Richard Carlson, a controversial fixture in West Coast TV journalism during the 1970s, died Monday at his Florida home after a long illness.
Carlson’s death was announced by his son Tucker, the conservative pundit and former Fox News host, in a post on X.
Richard Carlson, who started his award-winning career as a copy boy at the Los Angeles Times, became a familiar presence to Los Angeles TV viewers as an investigative reporter for KABC. He also worked at KGO in San Francisco and KFMB in San Diego.
While at KABC, Carlson aggressively reported on the fall of G. Elizabeth Carmichael, a transgender woman who developed a three-wheeled electric car when the country was dealing with skyrocketing gas prices. Carmichael never produced the car and was convicted for defrauding investors.
Carlson, whose reporting revealed that Carmichael was transgender, was featured prominently in a 2021 HBO documentary about the entrepreneur, “The Lady and the Dale.” Carlson remained unrepentant about outing Carmichael, telling her documentarians, “If Liz’s behavior is normal, then so too is Jeffrey Dahmer’s.”
While working at KFMB, he outed transgender professional tennis player Renée Richards after she won a women’s singles division title in a La Jolla tournament.
Carlson left journalism shortly after the Richards story, saying he was disillusioned by the global sensation it generated. “There are so many interesting things I think are important and interesting, but the media can be counted on to do handstands over that kind of scandal and sexual sensation,” he told The Times in 1984.
Richard Carlson was born on Feb. 10, 1941. His mother was a 15-year-old Swedish-speaking girl who placed him in an orphanage in Boston. After years in foster homes, Calrson was adopted by a family in Norwood, Mass.
Carlson’s adoptive father, a tannery manager, died when he was 12. He became a juvenile delinquent, arrested and jailed at 17 for car theft. He eventually enlisted in the Marine Corps and was a merchant seaman before pursuing a career in journalism, according to Tucker Carlson’s post.
After his military service, Richard Carlson joined The Times, where he became friends with Carl Brisson, the son of actress Rosalind Russell. They formed a journalistic partnership that included a Look magazine report that linked former San Francisco mayor Joseph Alioto to organized crime, ending his political career.
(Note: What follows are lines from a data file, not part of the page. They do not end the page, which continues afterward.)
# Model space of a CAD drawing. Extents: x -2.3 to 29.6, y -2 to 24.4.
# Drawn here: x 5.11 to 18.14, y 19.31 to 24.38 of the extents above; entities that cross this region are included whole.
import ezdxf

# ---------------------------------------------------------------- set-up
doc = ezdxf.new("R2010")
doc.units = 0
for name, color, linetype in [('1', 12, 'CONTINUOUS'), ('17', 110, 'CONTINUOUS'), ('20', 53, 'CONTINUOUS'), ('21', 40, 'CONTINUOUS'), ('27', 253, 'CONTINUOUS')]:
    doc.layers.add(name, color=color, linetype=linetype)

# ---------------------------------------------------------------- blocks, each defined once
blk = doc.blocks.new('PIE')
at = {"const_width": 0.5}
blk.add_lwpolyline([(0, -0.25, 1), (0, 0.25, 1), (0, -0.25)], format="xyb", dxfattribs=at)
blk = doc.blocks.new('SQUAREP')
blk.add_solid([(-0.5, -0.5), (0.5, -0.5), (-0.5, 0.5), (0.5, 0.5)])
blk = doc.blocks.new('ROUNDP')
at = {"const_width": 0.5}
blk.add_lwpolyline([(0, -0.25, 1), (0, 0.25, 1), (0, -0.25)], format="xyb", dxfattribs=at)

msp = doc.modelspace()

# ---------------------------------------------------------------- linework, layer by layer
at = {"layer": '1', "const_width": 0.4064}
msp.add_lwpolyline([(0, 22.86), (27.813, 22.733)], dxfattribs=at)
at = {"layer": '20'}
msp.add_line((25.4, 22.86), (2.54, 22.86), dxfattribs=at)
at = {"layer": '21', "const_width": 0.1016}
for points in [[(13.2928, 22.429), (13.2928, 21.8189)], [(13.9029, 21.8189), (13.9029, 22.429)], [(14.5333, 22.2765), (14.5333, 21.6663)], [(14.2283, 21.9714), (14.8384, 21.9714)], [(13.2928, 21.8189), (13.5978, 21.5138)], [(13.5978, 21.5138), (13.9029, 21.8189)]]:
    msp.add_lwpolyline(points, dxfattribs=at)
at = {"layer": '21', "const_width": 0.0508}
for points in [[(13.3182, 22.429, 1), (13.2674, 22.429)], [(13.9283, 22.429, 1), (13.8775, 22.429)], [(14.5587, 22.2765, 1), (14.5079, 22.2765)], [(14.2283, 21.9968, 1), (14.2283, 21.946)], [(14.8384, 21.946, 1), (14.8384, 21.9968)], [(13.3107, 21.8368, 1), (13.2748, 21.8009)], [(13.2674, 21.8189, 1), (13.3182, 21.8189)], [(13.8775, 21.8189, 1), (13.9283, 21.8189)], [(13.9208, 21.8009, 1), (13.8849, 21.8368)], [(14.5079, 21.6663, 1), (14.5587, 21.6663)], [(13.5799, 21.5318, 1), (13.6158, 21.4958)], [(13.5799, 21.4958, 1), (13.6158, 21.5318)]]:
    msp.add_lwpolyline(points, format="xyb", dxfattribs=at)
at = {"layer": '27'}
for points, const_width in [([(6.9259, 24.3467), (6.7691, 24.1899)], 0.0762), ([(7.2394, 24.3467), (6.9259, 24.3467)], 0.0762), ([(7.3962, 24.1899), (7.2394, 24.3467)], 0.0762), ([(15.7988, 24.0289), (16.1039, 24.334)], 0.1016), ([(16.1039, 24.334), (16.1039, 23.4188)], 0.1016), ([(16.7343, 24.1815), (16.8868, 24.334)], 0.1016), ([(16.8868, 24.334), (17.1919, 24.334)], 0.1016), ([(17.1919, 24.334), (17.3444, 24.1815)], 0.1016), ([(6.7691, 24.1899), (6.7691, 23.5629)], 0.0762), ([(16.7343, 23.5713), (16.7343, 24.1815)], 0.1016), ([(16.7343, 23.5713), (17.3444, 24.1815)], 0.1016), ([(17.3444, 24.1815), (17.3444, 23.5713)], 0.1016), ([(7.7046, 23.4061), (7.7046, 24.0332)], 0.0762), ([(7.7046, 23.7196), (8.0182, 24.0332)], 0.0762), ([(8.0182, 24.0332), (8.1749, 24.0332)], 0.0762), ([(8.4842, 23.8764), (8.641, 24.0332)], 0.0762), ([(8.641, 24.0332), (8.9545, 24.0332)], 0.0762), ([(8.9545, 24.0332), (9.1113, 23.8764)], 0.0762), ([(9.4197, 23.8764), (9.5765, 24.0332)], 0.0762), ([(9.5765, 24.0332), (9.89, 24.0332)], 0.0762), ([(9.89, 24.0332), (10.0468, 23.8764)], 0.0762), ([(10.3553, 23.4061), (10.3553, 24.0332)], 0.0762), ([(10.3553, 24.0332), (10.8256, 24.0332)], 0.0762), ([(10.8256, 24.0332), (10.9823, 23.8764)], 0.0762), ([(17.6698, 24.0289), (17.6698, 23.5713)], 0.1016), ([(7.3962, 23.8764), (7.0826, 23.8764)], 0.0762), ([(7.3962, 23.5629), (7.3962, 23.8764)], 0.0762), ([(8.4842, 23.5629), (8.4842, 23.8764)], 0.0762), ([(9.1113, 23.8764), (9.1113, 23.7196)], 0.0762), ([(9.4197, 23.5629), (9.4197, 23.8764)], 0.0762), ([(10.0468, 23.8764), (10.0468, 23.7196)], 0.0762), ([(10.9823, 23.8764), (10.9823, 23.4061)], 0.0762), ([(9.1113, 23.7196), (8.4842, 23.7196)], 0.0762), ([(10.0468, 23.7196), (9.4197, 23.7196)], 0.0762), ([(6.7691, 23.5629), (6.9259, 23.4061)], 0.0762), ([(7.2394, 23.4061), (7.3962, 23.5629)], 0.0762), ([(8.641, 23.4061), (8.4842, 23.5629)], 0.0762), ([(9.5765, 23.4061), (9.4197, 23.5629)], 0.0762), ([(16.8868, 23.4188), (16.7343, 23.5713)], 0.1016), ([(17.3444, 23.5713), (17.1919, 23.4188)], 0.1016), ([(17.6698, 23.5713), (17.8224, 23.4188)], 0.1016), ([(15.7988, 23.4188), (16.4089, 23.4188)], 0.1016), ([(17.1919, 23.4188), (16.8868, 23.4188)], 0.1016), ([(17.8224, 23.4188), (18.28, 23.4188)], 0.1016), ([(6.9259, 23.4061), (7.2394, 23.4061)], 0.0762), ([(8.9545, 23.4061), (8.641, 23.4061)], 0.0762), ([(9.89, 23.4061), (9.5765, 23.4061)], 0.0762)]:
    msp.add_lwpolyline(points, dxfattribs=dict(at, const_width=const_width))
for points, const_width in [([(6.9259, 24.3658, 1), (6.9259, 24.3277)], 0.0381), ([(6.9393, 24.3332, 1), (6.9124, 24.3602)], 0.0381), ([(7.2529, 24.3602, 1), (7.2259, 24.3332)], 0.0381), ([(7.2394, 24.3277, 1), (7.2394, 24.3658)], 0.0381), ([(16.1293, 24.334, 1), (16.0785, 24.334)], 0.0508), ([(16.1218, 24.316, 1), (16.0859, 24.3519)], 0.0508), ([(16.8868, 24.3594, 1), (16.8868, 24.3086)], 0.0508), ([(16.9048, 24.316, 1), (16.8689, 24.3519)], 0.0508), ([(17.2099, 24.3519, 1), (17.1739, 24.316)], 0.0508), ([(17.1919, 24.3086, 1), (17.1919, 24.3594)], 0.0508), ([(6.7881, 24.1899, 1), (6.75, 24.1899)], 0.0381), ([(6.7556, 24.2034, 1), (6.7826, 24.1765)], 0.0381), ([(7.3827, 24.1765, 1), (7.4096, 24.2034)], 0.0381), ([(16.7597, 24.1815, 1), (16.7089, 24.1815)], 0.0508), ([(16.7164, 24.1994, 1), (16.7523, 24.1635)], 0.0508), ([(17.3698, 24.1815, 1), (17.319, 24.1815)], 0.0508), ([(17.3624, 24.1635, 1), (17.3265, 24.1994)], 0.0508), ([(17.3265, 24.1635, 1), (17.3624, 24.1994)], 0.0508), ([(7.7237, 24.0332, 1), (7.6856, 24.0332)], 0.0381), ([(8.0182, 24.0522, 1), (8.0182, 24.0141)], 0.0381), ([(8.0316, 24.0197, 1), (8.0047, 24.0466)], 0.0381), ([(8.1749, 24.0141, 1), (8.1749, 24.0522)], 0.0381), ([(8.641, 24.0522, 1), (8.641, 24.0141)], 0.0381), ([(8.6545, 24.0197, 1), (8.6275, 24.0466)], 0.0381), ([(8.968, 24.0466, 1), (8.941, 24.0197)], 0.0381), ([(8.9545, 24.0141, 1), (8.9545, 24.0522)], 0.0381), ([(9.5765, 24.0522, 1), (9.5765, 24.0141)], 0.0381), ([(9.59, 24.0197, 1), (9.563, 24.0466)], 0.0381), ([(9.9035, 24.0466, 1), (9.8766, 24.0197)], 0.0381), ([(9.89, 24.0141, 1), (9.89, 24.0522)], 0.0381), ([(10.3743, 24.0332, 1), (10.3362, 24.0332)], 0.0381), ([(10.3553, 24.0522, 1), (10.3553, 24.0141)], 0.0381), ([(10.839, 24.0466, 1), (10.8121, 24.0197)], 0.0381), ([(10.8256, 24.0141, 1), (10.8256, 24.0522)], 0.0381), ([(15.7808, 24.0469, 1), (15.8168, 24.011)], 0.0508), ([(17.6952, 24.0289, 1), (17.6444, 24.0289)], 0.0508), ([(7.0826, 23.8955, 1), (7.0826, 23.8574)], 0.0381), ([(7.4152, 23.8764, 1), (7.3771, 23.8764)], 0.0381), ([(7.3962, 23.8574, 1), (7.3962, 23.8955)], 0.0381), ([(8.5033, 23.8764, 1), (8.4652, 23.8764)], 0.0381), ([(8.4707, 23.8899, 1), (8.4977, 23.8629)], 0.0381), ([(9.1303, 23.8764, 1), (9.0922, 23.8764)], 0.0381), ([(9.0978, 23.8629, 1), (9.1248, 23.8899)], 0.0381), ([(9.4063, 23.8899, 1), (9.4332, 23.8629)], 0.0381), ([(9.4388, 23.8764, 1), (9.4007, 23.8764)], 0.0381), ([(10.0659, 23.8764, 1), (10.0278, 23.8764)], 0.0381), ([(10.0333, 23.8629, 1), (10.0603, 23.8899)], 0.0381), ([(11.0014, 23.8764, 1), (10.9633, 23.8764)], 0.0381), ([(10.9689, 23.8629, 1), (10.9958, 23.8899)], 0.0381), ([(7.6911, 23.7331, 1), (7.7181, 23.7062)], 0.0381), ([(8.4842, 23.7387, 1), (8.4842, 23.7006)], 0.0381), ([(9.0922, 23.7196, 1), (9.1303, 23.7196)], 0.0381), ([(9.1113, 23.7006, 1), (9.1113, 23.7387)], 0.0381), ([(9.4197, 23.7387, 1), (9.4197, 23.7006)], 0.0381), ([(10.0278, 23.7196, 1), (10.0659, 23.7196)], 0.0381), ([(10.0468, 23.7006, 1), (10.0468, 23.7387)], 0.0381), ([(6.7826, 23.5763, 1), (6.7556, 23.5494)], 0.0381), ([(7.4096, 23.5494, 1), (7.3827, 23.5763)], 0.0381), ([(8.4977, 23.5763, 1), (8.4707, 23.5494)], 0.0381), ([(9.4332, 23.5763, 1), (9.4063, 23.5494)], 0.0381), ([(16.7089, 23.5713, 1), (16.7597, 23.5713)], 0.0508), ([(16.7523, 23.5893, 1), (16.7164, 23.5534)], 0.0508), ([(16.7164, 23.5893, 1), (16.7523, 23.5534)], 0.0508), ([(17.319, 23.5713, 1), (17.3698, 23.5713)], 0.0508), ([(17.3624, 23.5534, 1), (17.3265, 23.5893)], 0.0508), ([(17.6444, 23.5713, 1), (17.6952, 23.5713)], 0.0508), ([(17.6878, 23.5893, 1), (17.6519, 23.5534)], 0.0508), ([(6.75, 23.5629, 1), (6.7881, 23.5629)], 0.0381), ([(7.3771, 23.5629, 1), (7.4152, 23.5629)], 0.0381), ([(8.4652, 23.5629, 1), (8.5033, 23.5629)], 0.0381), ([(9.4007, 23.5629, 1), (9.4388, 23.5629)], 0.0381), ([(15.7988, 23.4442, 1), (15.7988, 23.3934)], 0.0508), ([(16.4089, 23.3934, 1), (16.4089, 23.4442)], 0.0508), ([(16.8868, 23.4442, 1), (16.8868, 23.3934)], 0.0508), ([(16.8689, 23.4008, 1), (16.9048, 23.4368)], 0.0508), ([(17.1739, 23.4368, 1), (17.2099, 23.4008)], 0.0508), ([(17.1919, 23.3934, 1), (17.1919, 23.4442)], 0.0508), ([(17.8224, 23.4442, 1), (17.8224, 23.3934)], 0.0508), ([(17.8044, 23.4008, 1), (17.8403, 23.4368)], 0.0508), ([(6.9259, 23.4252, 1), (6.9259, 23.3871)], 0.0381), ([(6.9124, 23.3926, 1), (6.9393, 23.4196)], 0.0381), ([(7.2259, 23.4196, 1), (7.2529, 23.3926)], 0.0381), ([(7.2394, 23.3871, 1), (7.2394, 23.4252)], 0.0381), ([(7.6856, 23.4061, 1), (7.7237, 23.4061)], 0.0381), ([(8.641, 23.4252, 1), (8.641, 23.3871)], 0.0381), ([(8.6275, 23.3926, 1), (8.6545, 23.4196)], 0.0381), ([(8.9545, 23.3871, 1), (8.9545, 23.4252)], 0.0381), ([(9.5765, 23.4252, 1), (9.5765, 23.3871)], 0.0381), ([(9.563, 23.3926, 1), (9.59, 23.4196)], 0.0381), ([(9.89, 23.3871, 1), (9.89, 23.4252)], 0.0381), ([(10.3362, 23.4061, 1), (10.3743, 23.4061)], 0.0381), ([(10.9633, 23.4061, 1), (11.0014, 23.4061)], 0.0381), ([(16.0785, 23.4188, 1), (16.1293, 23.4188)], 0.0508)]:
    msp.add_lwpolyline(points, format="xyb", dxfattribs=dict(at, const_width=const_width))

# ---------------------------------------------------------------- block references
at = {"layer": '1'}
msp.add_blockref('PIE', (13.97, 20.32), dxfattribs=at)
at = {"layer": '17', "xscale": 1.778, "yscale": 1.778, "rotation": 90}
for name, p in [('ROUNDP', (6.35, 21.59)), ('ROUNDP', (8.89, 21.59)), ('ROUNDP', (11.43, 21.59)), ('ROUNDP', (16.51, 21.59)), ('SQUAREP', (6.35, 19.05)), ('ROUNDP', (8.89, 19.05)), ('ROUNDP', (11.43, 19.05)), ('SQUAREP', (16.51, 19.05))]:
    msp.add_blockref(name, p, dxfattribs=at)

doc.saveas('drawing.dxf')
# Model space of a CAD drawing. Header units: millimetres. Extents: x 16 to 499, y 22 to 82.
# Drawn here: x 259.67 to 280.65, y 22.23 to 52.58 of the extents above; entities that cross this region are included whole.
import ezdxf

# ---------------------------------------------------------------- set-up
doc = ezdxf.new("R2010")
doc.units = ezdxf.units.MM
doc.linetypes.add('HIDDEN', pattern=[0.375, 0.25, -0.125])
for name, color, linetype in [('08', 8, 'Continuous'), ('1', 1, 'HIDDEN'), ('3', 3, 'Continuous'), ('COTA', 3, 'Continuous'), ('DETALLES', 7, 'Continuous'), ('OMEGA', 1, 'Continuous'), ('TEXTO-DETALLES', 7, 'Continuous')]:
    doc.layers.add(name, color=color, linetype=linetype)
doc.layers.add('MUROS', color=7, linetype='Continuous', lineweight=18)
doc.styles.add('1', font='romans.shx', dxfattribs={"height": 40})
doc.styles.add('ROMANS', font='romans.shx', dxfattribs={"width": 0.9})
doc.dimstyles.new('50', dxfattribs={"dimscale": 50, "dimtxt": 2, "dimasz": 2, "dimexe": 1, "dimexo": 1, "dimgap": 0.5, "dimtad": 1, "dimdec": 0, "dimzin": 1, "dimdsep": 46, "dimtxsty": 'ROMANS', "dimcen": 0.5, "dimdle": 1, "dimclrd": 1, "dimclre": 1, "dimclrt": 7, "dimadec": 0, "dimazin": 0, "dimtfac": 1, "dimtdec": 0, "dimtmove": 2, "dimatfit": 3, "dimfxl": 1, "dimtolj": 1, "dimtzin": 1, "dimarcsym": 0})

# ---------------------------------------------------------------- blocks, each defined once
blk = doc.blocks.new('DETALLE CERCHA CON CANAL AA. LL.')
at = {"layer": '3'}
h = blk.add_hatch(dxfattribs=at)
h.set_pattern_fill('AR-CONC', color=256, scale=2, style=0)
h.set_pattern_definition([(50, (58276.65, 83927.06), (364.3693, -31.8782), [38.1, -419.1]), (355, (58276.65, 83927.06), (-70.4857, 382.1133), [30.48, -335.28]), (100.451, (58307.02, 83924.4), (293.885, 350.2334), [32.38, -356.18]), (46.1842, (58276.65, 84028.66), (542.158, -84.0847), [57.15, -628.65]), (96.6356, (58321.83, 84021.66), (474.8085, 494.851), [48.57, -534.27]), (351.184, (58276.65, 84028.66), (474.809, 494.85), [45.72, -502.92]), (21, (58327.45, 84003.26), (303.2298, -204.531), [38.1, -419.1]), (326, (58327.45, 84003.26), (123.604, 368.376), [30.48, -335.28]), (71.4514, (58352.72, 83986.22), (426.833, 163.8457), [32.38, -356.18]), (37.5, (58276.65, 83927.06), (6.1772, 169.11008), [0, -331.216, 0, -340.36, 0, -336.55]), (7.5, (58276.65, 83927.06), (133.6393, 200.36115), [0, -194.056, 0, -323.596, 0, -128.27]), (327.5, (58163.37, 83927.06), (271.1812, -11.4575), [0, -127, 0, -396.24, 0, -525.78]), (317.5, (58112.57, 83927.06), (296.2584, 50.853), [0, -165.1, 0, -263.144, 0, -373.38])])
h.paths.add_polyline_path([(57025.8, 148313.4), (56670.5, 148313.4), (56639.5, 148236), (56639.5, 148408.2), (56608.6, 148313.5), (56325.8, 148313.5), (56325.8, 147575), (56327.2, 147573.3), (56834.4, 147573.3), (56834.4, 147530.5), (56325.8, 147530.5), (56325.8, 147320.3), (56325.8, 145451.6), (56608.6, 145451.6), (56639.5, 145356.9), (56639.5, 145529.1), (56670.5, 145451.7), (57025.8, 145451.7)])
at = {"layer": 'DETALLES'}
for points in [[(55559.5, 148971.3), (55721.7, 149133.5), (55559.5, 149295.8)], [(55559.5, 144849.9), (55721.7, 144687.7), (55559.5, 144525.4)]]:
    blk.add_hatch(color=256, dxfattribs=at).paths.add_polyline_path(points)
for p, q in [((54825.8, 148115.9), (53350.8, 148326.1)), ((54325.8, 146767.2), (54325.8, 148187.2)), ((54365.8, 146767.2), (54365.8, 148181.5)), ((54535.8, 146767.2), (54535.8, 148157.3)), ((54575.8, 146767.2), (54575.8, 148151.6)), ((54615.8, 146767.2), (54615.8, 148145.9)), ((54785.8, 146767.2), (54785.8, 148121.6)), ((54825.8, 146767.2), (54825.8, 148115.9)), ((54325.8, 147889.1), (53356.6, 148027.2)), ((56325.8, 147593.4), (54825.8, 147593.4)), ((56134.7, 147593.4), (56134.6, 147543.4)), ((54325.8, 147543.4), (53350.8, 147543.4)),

Alioto called the article “character assassination for political purposes” and eventually won a $350,000 libel award. Carlson was not named as a defendant in the case.
In 1971, Carlson moved to TV station KABC where he earned a Peabody Award for an investigative report on car promotion fraud. He moved to KFMB as a reporter and anchor in 1975.
Carlson’s first wife left him in 1975, leaving him as a single father to raise Tucker and his brother, Buckley. He remarried in 1979 to Patricia Swanson, the heiress to the frozen-food company, who died in 2023.
After leaving television, Carlson joined Great American Federal, a San Diego-based savings and loan. He toyed with a career in politics, making an unsuccessful bid to become mayor of San Diego in 1984 against incumbent Roger Hedgecock, who was under indictment for perjury at the time.
In 1985, Carlson moved to Washington to work for the Reagan administration. He spent five years as the director of the Voice of America, and then moved to the Seychelles as the U.S. ambassador. In 1992, he became the chief executive of the Corporation for Public Broadcasting, which provides federal funding to public media.
In 1997, Carlson joined King World, the syndication company that distributed “The Oprah Winfrey Show,” “Jeopardy!” and “Wheel of Fortune” before it was sold to CBS in 1999. He later served as vice chairman for the Foundation for the Defense of Democracies, a Washington-based neoconservative think tank.
Along with his two sons, Carlson is survived by five grandchildren.